Every line of the records below from the line with "#10=(LENGTH_UNIT() NAMED_UNIT(*) SI_UNIT(.MILLI.,.METRE.));" up to and including the line with "#40=CARTESIAN_POINT('',(-3.7625,0.,5.953125));" must be reproduced exactly, and no line outside that range.

EXTRACTED RECORDS
• • • • •
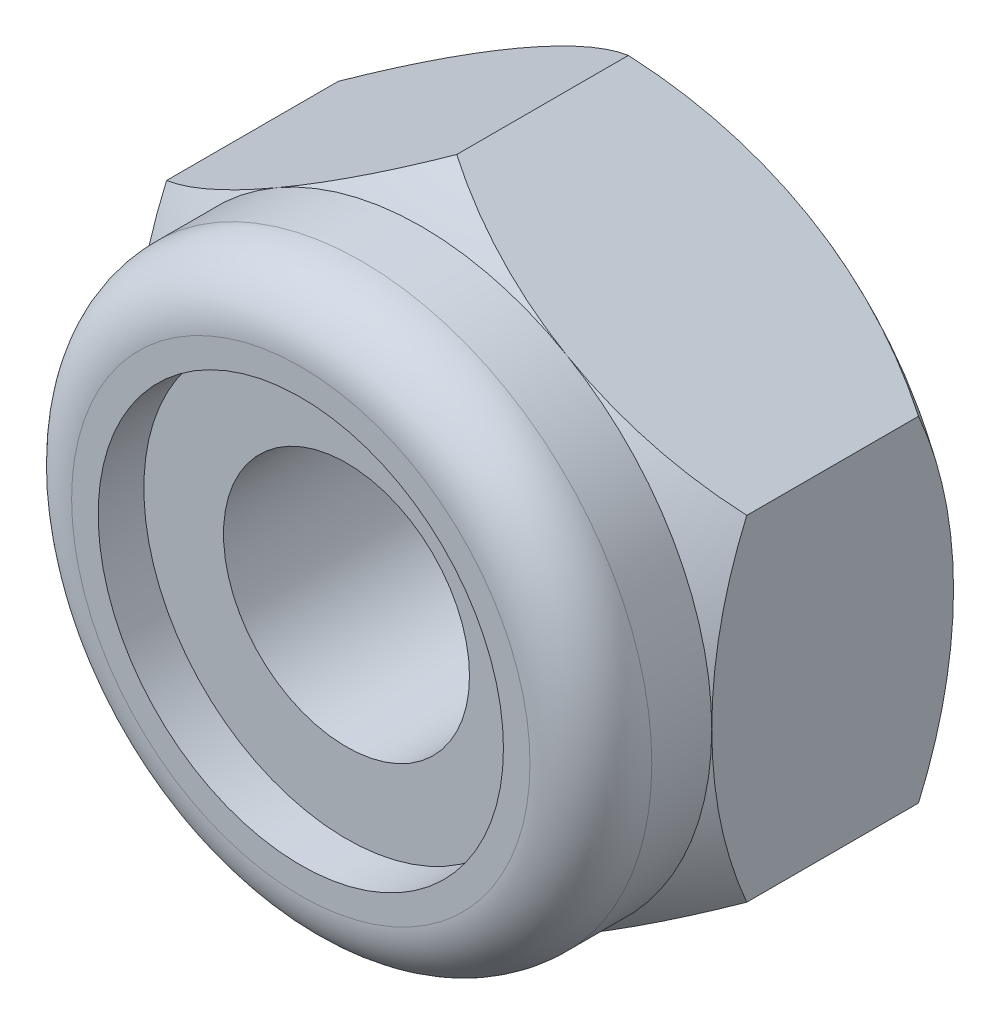
ISO-10303-21;
HEADER;
FILE_DESCRIPTION(('STEP AP214'),'2;1');
FILE_NAME('part.step','',(''),(''),'','','');
FILE_SCHEMA(('AUTOMOTIVE_DESIGN { 1 0 10303 214 1 1 1 1 }'));
ENDSEC;
DATA;
#1=APPLICATION_CONTEXT('core data for automotive mechanical design processes');
#2=APPLICATION_PROTOCOL_DEFINITION('international standard','automotive_design',2000,#1);
#3=PRODUCT_CONTEXT('',#1,'mechanical');
#4=PRODUCT('Part','Part','',(#3));
#5=PRODUCT_RELATED_PRODUCT_CATEGORY('part','',(#4));
#6=PRODUCT_DEFINITION_FORMATION('','',#4);
#7=PRODUCT_DEFINITION_CONTEXT('part definition',#1,'design');
#8=PRODUCT_DEFINITION('design','',#6,#7);
#9=PRODUCT_DEFINITION_SHAPE('','',#8);
#10=(LENGTH_UNIT() NAMED_UNIT(*) SI_UNIT(.MILLI.,.METRE.));
#11=(NAMED_UNIT(*) PLANE_ANGLE_UNIT() SI_UNIT($,.RADIAN.));
#12=(NAMED_UNIT(*) SI_UNIT($,.STERADIAN.) SOLID_ANGLE_UNIT());
#13=UNCERTAINTY_MEASURE_WITH_UNIT(LENGTH_MEASURE(1.E-05),#10,'distance_accuracy_value','');
#14=(GEOMETRIC_REPRESENTATION_CONTEXT(3) GLOBAL_UNCERTAINTY_ASSIGNED_CONTEXT((#13)) GLOBAL_UNIT_ASSIGNED_CONTEXT((#10,
#11,#12)) REPRESENTATION_CONTEXT('',''));
#15=CARTESIAN_POINT('',(0.,0.,0.));
#16=DIRECTION('',(0.,0.,1.));
#17=DIRECTION('',(1.,0.,0.));
#18=AXIS2_PLACEMENT_3D('',#15,#16,#17);
#19=CARTESIAN_POINT('',(0.,0.,4.953125));
#20=DIRECTION('',(0.,0.,1.));
#21=DIRECTION('',(1.,0.,0.));
#22=AXIS2_PLACEMENT_3D('',#19,#20,#21);
#23=TOROIDAL_SURFACE('',#22,3.7625,1.);
#24=CARTESIAN_POINT('',(0.,0.,4.953125));
#25=DIRECTION('',(0.,0.,-1.));
#26=DIRECTION('',(-1.,0.,0.));
#27=AXIS2_PLACEMENT_3D('',#24,#25,#26);
#28=CIRCLE('',#27,4.7625);
#29=CARTESIAN_POINT('',(-4.7625,0.,4.953125));
#30=VERTEX_POINT('',#29);
#31=EDGE_CURVE('E123',#30,#30,#28,.T.);
#32=ORIENTED_EDGE('',*,*,#31,.F.);
#33=EDGE_LOOP('',(#32));
#34=FACE_BOUND('',#33,.T.);
#35=CARTESIAN_POINT('',(0.,0.,5.953125));
#36=DIRECTION('',(0.,0.,-1.));
#37=DIRECTION('',(1.,0.,0.));
#38=AXIS2_PLACEMENT_3D('',#35,#36,#37);
#39=CIRCLE('',#38,3.7625);
#40=CARTESIAN_POINT('',(-3.7625,0.,5.953125));
#41=VERTEX_POINT('',#40);
#42=CARTESIAN_POINT('',(3.7625,0.,5.953125));
#43=VERTEX_POINT('',#42);
#44=EDGE_CURVE('E113',#41,#43,#39,.F.);
#45=ORIENTED_EDGE('',*,*,#44,.F.);
#46=CARTESIAN_POINT('',(0.,0.,5.953125));
#47=DIRECTION('',(0.,0.,-1.));
#48=DIRECTION('',(-1.,0.,0.));
#49=AXIS2_PLACEMENT_3D('',#46,#47,#48);
#50=CIRCLE('',#49,3.7625);
#51=EDGE_CURVE('E117',#43,#41,#50,.F.);
#52=ORIENTED_EDGE('',*,*,#51,.F.);
#53=EDGE_LOOP('',(#45,#52));
#54=FACE_BOUND('',#53,.T.);
#55=ADVANCED_FACE('F15',(#34,#54),#23,.T.);
#56=CARTESIAN_POINT('',(0.,0.,5.953125));
#57=DIRECTION('',(0.,0.,1.));
#58=DIRECTION('',(1.,0.,0.));
#59=AXIS2_PLACEMENT_3D('',#56,#57,#58);
#60=PLANE('',#59);
#61=CARTESIAN_POINT('',(0.,0.,5.953125));
#62=DIRECTION('',(0.,0.,1.));
#63=DIRECTION('',(1.,0.,0.));
#64=AXIS2_PLACEMENT_3D('',#61,#62,#63);
#65=CIRCLE('',#64,3.32676299779793);
#66=CARTESIAN_POINT('',(3.32676299779793,0.,5.953125));
#67=VERTEX_POINT('',#66);
#68=EDGE_CURVE('E269',#67,#67,#65,.F.);
#69=ORIENTED_EDGE('',*,*,#68,.T.);
#70=EDGE_LOOP('',(#69));
#71=FACE_BOUND('',#70,.T.);
#72=ORIENTED_EDGE('',*,*,#51,.T.);
#73=ORIENTED_EDGE('',*,*,#44,.T.);
#74=EDGE_LOOP('',(#72,#73));
#75=FACE_BOUND('',#74,.T.);
#76=ADVANCED_FACE('F122',(#71,#75),#60,.T.);
#77=CARTESIAN_POINT('',(0.,0.,5.953125));
#78=DIRECTION('',(0.,0.,-1.));
#79=DIRECTION('',(-1.,0.,0.));
#80=AXIS2_PLACEMENT_3D('',#77,#78,#79);
#81=CYLINDRICAL_SURFACE('',#80,4.7625);
#82=ORIENTED_EDGE('',*,*,#31,.T.);
#83=EDGE_LOOP('',(#82));
#84=FACE_BOUND('',#83,.T.);
#85=CARTESIAN_POINT('',(0.,0.,3.96875000000001));
#86=DIRECTION('',(0.,0.,-1.));
#87=DIRECTION('',(-1.,0.,0.));
#88=AXIS2_PLACEMENT_3D('',#85,#86,#87);
#89=CIRCLE('',#88,4.7625);
#90=CARTESIAN_POINT('',(2.38124999999999,-4.1244459855234,3.96875000000001));
#91=VERTEX_POINT('',#90);
#92=CARTESIAN_POINT('',(-2.38124999999999,-4.1244459855234,3.96875000000002));
#93=VERTEX_POINT('',#92);
#94=EDGE_CURVE('E106',#91,#93,#89,.T.);
#95=ORIENTED_EDGE('',*,*,#94,.F.);
#96=CARTESIAN_POINT('',(0.,0.,3.96875000000001));
#97=DIRECTION('',(0.,0.,-1.));
#98=DIRECTION('',(-1.,0.,0.));
#99=AXIS2_PLACEMENT_3D('',#96,#97,#98);
#100=CIRCLE('',#99,4.7625);
#101=CARTESIAN_POINT('',(4.76249999999073,0.,3.96875000000644));
#102=VERTEX_POINT('',#101);
#103=EDGE_CURVE('E255',#102,#91,#100,.T.);
#104=ORIENTED_EDGE('',*,*,#103,.F.);
#105=CARTESIAN_POINT('',(0.,0.,3.96875000000001));
#106=DIRECTION('',(0.,0.,-1.));
#107=DIRECTION('',(-1.,0.,0.));
#108=AXIS2_PLACEMENT_3D('',#105,#106,#107);
#109=CIRCLE('',#108,4.7625);
#110=CARTESIAN_POINT('',(2.38125,4.12444598552339,3.96875000000001));
#111=VERTEX_POINT('',#110);
#112=EDGE_CURVE('E257',#111,#102,#109,.T.);
#113=ORIENTED_EDGE('',*,*,#112,.F.);
#114=CARTESIAN_POINT('',(0.,0.,3.96875000000001));
#115=DIRECTION('',(0.,0.,-1.));
#116=DIRECTION('',(-1.,0.,0.));
#117=AXIS2_PLACEMENT_3D('',#114,#115,#116);
#118=CIRCLE('',#117,4.7625);
#119=CARTESIAN_POINT('',(-2.38125,4.12444598552339,3.96875000000001));
#120=VERTEX_POINT('',#119);
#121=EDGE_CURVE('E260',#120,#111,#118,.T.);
• • • • •
SOLUTION TO THIS EXERCISE
#10=(LENGTH_UNIT() NAMED_UNIT(*) SI_UNIT(.MILLI.,.METRE.));
#11=(NAMED_UNIT(*) PLANE_ANGLE_UNIT() SI_UNIT($,.RADIAN.));
#12=(NAMED_UNIT(*) SI_UNIT($,.STERADIAN.) SOLID_ANGLE_UNIT());
#13=UNCERTAINTY_MEASURE_WITH_UNIT(LENGTH_MEASURE(1.E-05),#10,'distance_accuracy_value','');
#14=(GEOMETRIC_REPRESENTATION_CONTEXT(3) GLOBAL_UNCERTAINTY_ASSIGNED_CONTEXT((#13)) GLOBAL_UNIT_ASSIGNED_CONTEXT((#10,
#11,#12)) REPRESENTATION_CONTEXT('',''));
#15=CARTESIAN_POINT('',(0.,0.,0.));
#16=DIRECTION('',(0.,0.,1.));
#17=DIRECTION('',(1.,0.,0.));
#18=AXIS2_PLACEMENT_3D('',#15,#16,#17);
#19=CARTESIAN_POINT('',(0.,0.,4.953125));
#20=DIRECTION('',(0.,0.,1.));
#21=DIRECTION('',(1.,0.,0.));
#22=AXIS2_PLACEMENT_3D('',#19,#20,#21);
#23=TOROIDAL_SURFACE('',#22,3.7625,1.);
#24=CARTESIAN_POINT('',(0.,0.,4.953125));
#25=DIRECTION('',(0.,0.,-1.));
#26=DIRECTION('',(-1.,0.,0.));
#27=AXIS2_PLACEMENT_3D('',#24,#25,#26);
#28=CIRCLE('',#27,4.7625);
#29=CARTESIAN_POINT('',(-4.7625,0.,4.953125));
#30=VERTEX_POINT('',#29);
#31=EDGE_CURVE('E123',#30,#30,#28,.T.);
#32=ORIENTED_EDGE('',*,*,#31,.F.);
#33=EDGE_LOOP('',(#32));
#34=FACE_BOUND('',#33,.T.);
#35=CARTESIAN_POINT('',(0.,0.,5.953125));
#36=DIRECTION('',(0.,0.,-1.));
#37=DIRECTION('',(1.,0.,0.));
#38=AXIS2_PLACEMENT_3D('',#35,#36,#37);
#39=CIRCLE('',#38,3.7625);
#40=CARTESIAN_POINT('',(-3.7625,0.,5.953125));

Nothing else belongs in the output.